Apparently seeking to avoid the international criticism it would
face for openly supporting Turkey’s outright efforts to delete this
passage, the State Department advised the U.N. Mission to present
its opposition on procedural grounds:

“We would like to support the Turks and Dept [State
Department] therefore concurs in USDEL [U.S. Delegation
to the U.N.] suggestion that we inform Turks we willing
to speak in support of procedural proposal to urge
rapporteur to assure evenhandedness in study. We do
not think it would be appropriate to request the
rapporteur simply to delete the offending para
[paragraph], although we would not oppose deletion if
other dels [country delegations] indicate support for
Turkish position.”

In March of 1974, the U.S. Embassy in Ankara wrote to the State
Department outlining its rationale for opposing the U.N.’s
recognition of the Armenian Genocide. Among the reasons cited
were:

“[…] Another reason is that the Turks are apprehensive
that this year’s commemoration of the Armenian massacres
by Armenian communities throughout the world will be on
a more impressive scale than in the last few years.”

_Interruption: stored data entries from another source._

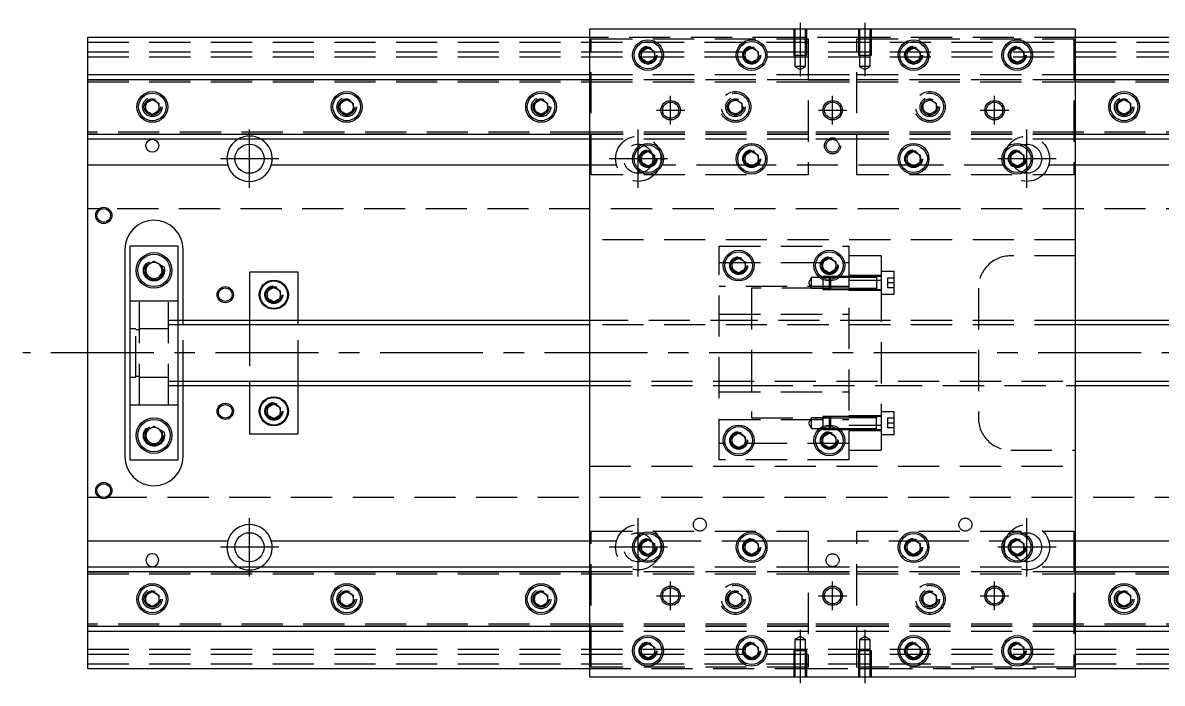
# Model space of a CAD drawing. Extents: x -20 to 681, y -277 to 102.
# Drawn here: x -20 to 331.8, y -102 to 102 of the extents above; entities that cross this region are included whole.
import ezdxf

# ---------------------------------------------------------------- set-up
doc = ezdxf.new("R2010")
doc.units = 0
doc.linetypes.add('CENTER', pattern=[50.8, 31.75, -6.35, 6.35, -6.35])
doc.linetypes.add('DASHED', pattern=[19.05, 12.7, -6.35])
doc.layers.get('0').update_dxf_attribs({"linetype": 'CONTINUOUS'})
doc.layers.add('CENTER', color=1, linetype='CENTER')

msp = doc.modelspace()

# ---------------------------------------------------------------- linework, layer by layer
at = {"color": 7, "linetype": 'CONTINUOUS'}
for p, q in [((305, 100), (155, 100)), ((155, 100), (155, -100)), ((305, -100), (305, 100)), ((0, 97.5), (0, 86)), ((155, 97.5), (0, 97.5)), ((460, 97.5), (305, 97.5)), ((171, 93.1547), (173, 94.309402)), ((171, 90.8453), (171, 93.1547)), ((173, 94.309402), (175, 93.1547)), ((175, 93.1547), (175, 90.8453)), ((203, 93.1547), (205, 94.309402)), ((203, 90.8453), (203, 93.1547)), ((205, 94.309402), (207, 93.1547)), ((207, 93.1547), (207, 90.8453)), ((253, 93.1547), (255, 94.309402)), ((253, 90.8453), (253, 93.1547)), ((255, 94.309402), (257, 93.1547)), ((257, 93.1547), (257, 90.8453)), ((285, 93.1547), (287, 94.309402)), ((285, 90.8453), (285, 93.1547)), ((287, 94.309402), (289, 93.1547)), ((289, 93.1547), (289, 90.8453)), ((173, 89.690598), (171, 90.8453)), ((175, 90.8453), (173, 89.690598)), ((205, 89.690598), (203, 90.8453)), ((207, 90.8453), (205, 89.690598)), ((255, 89.690598), (253, 90.8453)), ((257, 90.8453), (255, 89.690598)), ((287, 89.690598), (285, 90.8453)), ((289, 90.8453), (287, 89.690598)), ((0, 86), (0, 84.460392)), ((0, 86), (155, 86)), ((0, 84.460392), (0, 67.539608)), ((0, 84.460392), (155, 84.460392)), ((305, 86), (460, 86)), ((305, 84.460392), (460, 84.460392)), ((18, 77.1547), (20, 78.309402)), ((20, 78.309402), (22, 77.1547)), ((78, 77.1547), (80, 78.309402)), ((80, 78.309402), (82, 77.1547)), ((138, 77.1547), (140, 78.309402)), ((140, 78.309402), (142, 77.1547)), ((318, 77.1547), (320, 78.309402)), ((320, 78.309402), (322, 77.1547)), ((18, 74.8453), (18, 77.1547)), ((20, 73.690598), (18, 74.8453)), ((22, 74.8453), (20, 73.690598)), ((22, 77.1547), (22, 74.8453)), ((78, 74.8453), (78, 77.1547)), ((80, 73.690598), (78, 74.8453)), ((82, 74.8453), (80, 73.690598)), ((82, 77.1547), (82, 74.8453)), ((138, 74.8453), (138, 77.1547)), ((140, 73.690598), (138, 74.8453)), ((142, 74.8453), (140, 73.690598)), ((142, 77.1547), (142, 74.8453)), ((318, 74.8453), (318, 77.1547)), ((320, 73.690598), (318, 74.8453)), ((322, 74.8453), (320, 73.690598)), ((322, 77.1547), (322, 74.8453)), ((155, 67.539608), (0, 67.539608)), ((0, 67.539608), (0, 66)), ((460, 67.539608), (305, 67.539608)), ((155, 66), (0, 66)), ((0, 66), (0, 58)), ((460, 66), (305, 66)), ((171, 61.1547), (173, 62.309402)), ((171, 58.8453), (171, 61.1547)), ((173, 62.309402), (175, 61.1547)), ((175, 61.1547), (175, 58.8453)), ((203, 61.1547), (205, 62.309402)), ((203, 58.8453), (203, 61.1547)), ((205, 62.309402), (207, 61.1547)), ((207, 61.1547), (207, 58.8453)), ((253, 61.1547), (255, 62.309402)), ((253, 58.8453), (253, 61.1547)), ((255, 62.309402), (257, 61.1547)), ((257, 61.1547), (257, 58.8453)), ((285, 61.1547), (287, 62.309402)), ((285, 58.8453), (285, 61.1547)), ((287, 62.309402), (289, 61.1547)), ((289, 61.1547), (289, 58.8453)), ((43.291796, 58), (0, 58)), ((0, 58), (0, -58)), ((155, 58), (56.708204, 58)), ((173, 57.690598), (171, 58.8453)), ((175, 58.8453), (173, 57.690598)), ((205, 57.690598), (203, 58.8453)), ((207, 58.8453), (205, 57.690598)), ((255, 57.690598), (253, 58.8453)), ((257, 58.8453), (255, 57.690598)), ((287, 57.690598), (285, 58.8453)), ((289, 58.8453), (287, 57.690598)), ((403.291796, 58), (305, 58)), ((11.5, 32), (11.5, -32)), ((13, 33), (13, -33)), ((28, 33), (13, 33)), ((28, -33), (28, 33)), ((29.5, 10), (29.5, 32)), ((18, 26.943376), (20.5, 28.386752)), ((20.5, 28.386752), (23, 26.943376)), ((199, 28.1547), (201, 29.309402)), ((199, 25.8453), (199, 28.1547)), ((201, 29.309402), (203, 28.1547)), ((203, 28.1547), (203, 25.8453)), ((227, 28.1547), (229, 29.309402)), ((227, 25.8453), (227, 28.1547)), ((229, 29.309402), (231, 28.1547)), ((231, 28.1547), (231, 25.8453)), ((18, 24.056624), (18, 26.943376)), ((23, 26.943376), (23, 24.056624)), ((50, 25), (50, 10)), ((65, 25), (50, 25)), ((65, 10), (65, 25)), ((201, 24.690598), (199, 25.8453)), ((203, 25.8453), (201, 24.690598)), ((229, 24.690598), (227, 25.8453)), ((231, 25.8453), (229, 24.690598)), ((20.5, 22.613248), (18, 24.056624)), ((23, 24.056624), (20.5, 22.613248)), ((55.5, 19.1547), (57.5, 20.309402)), ((55.5, 16.8453), (55.5, 19.1547)), ((57.5, 20.309402), (59.5, 19.1547)), ((59.5, 19.1547), (59.5, 16.8453)), ((243.6, 19.65063), (243.6, 19.651316)), ((57.5, 15.690598), (55.5, 16.8453)), ((59.5, 16.8453), (57.5, 15.690598)), ((155, 10), (28, 10)), ((403, 10), (305, 10)), ((28, -10), (155, -10)), ((29.5, -32), (29.5, -10)), ((50, -10), (50, -25)), ((65, -25), (65, -10)), ((305, -10), (403, -10)), ((55.5, -16.8453), (57.5, -15.690598)), ((55.5, -19.1547), (55.5, -16.8453)), ((57.5, -15.690598), (59.5, -16.8453)), ((59.5, -16.8453), (59.5, -19.1547)), ((57.5, -20.309402), (55.5, -19.1547)), ((59.5, -19.1547), (57.5, -20.309402)), ((18, -24.056624), (20.5, -22.613248)), ((18, -26.943376), (18, -24.056624)), ((20.5, -22.613248), (23, -24.056624)), ((23, -24.056624), (23, -26.943376)), ((243.6, -23.65064), (243.6, -23.649954)), ((20.5, -28.386752), (18, -26.943376)), ((23, -26.943376), (20.5, -28.386752)), ((50, -25), (65, -25)), ((199, -25.8453), (201, -24.690598)), ((199, -28.1547), (199, -25.8453)), ((201, -24.690598), (203, -25.8453)), ((203, -25.8453), (203, -28.1547)), ((227, -25.8453), (229, -24.690598)), ((227, -28.1547), (227, -25.8453)), ((229, -24.690598), (231, -25.8453)), ((231, -25.8453), (231, -28.1547)), ((201, -29.309402), (199, -28.1547)), ((203, -28.1547), (201, -29.309402)), ((229, -29.309402), (227, -28.1547)), ((231, -28.1547), (229, -29.309402)), ((13, -33), (28, -33)), ((0, -58), (0, -66)), ((0, -58), (43.291796, -58)), ((56.708204, -58), (155, -58)), ((171, -58.8453), (173, -57.690598)), ((171, -61.1547), (171, -58.8453)), ((173, -57.690598), (175, -58.8453)), ((175, -58.8453), (175, -61.1547)), ((203, -58.8453), (205, -57.690598)), ((203, -61.1547), (203, -58.8453)), ((205, -57.690598), (207, -58.8453)), ((207, -58.8453), (207, -61.1547)), ((253, -58.8453), (255, -57.690598)), ((253, -61.1547), (253, -58.8453)), ((255, -57.690598), (257, -58.8453)), ((257, -58.8453), (257, -61.1547)), ((285, -58.8453), (287, -57.690598)), ((285, -61.1547), (285, -58.8453)), ((287, -57.690598), (289, -58.8453)), ((289, -58.8453), (289, -61.1547)), ((305, -58), (403.291796, -58)), ((173, -62.309402), (171, -61.1547)), ((175, -61.1547), (173, -62.309402)), ((205, -62.309402), (203, -61.1547)), ((207, -61.1547), (205, -62.309402)), ((255, -62.309402), (253, -61.1547)), ((257, -61.1547), (255, -62.309402)), ((287, -62.309402), (285, -61.1547)), ((289, -61.1547), (287, -62.309402)), ((0, -66), (0, -67.539608)), ((0, -66), (155, -66)), ((305, -66), (460, -66)), ((0, -67.539608), (155, -67.539608)), ((0, -67.539608), (0, -84.460392)), ((305, -67.539608), (460, -67.539608)), ((18, -74.8453), (20, -73.690598)), ((20, -73.690598), (22, -74.8453)), ((78, -74.8453), (80, -73.690598)), ((80, -73.690598), (82, -74.8453)), ((138, -74.8453), (140, -73.690598)), ((140, -73.690598), (142, -74.8453)), ((318, -74.8453), (320, -73.690598)), ((320, -73.690598), (322, -74.8453)), ((18, -77.1547), (18, -74.8453)), ((20, -78.309402), (18, -77.1547)), ((22, -77.1547), (20, -78.309402)), ((22, -74.8453), (22, -77.1547)), ((78, -77.1547), (78, -74.8453)), ((80, -78.309402), (78, -77.1547)), ((82, -77.1547), (80, -78.309402)), ((82, -74.8453), (82, -77.1547)), ((138, -77.1547), (138, -74.8453)), ((140, -78.309402), (138, -77.1547)), ((142, -77.1547), (140, -78.309402)), ((142, -74.8453), (142, -77.1547)), ((318, -77.1547), (318, -74.8453)), ((320, -78.309402), (318, -77.1547)), ((322, -77.1547), (320, -78.309402)), ((322, -74.8453), (322, -77.1547)), ((155, -84.460392), (0, -84.460392)), ((0, -84.460392), (0, -86)), ((155, -86), (0, -86)), ((0, -86), (0, -97.5)), ((460, -84.460392), (305, -84.460392)), ((460, -86), (305, -86)), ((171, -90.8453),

“[…] In addition, at a time when we are trying to
persuade the Turks to exhibit some appreciation of our
position on the opium issue, we would like to be able
to show some understanding for a position on which
Turkish emotions have characteristically run high.”

In a March 1974 note following the support expressed by the U.S.
for the Turkish position, the U.S. Mission informed the Secretary
of State that:

“Turk del [delegation] warmly thanked U.S. del [delegation]
for support following our intervention.”

These files also provide insight into the early efforts by the
Turkish Government to obstruct U.S. legislation and prevent other
constitutionally-protected efforts by American citizens to work
toward the recognition of the Armenian Genocide. In an April 1973
cable, the State Department wrote to the U.S. Embassy in Ankara
that:

“It clear GOT [Government of Turkey] would like USG
[U.S. Government] to halt all Armenian demonstrations,
and indeed other Armenian activities which are hostile
or offensive to a close ally.”

In a second cable, also from April of 1973, the State Department
reports that it has responded to Turkish concerns in the following
manner:

“We pointed out that peaceful demonstrations could probably
not be prevented, but expressed belief that with adequate
policing, they could be stopped from getting out of hand.”

A June 1974 cable reports on protests raised with the State
Department by Turkey’s Ambassador, Selcuk Esenbel, over a recently
introduced Armenian Genocide Resolution. Under-Secretary of State
Joseph Sisco dismissed the legislation, according to the cable,
explaining to Ambassador Esenbel that the “resolution must be seen
as part of normal domestic electoral politics.”

Despite Turkey’s efforts, the United Nation has established a
record of recognizing the Armenian Genocide:

* In 1948, the United Nations War Crimes Commission invoked the
Armenian Genocide “precisely . . . one of the types of acts which
the modern term ‘crimes against humanity’ is intended to cover” as
a precedent for the Nuremberg tribunals. The Commission stated
that “[t]he provisions of Article 230 of the Peace Treaty of Sevres
were obviously intended to cover, in conformity with the Allied
note of 1915 . . ., offenses which had been committed on Turkish
territory against persons of Turkish citizenship, though of
Armenian or Greek race. This article constitutes therefore a
precedent for Article 6c and 5c of the Nuremberg and Tokyo
Charters, and offers an example of one of the categories of ‘crimes
against humanity’ as understood by these enactments.”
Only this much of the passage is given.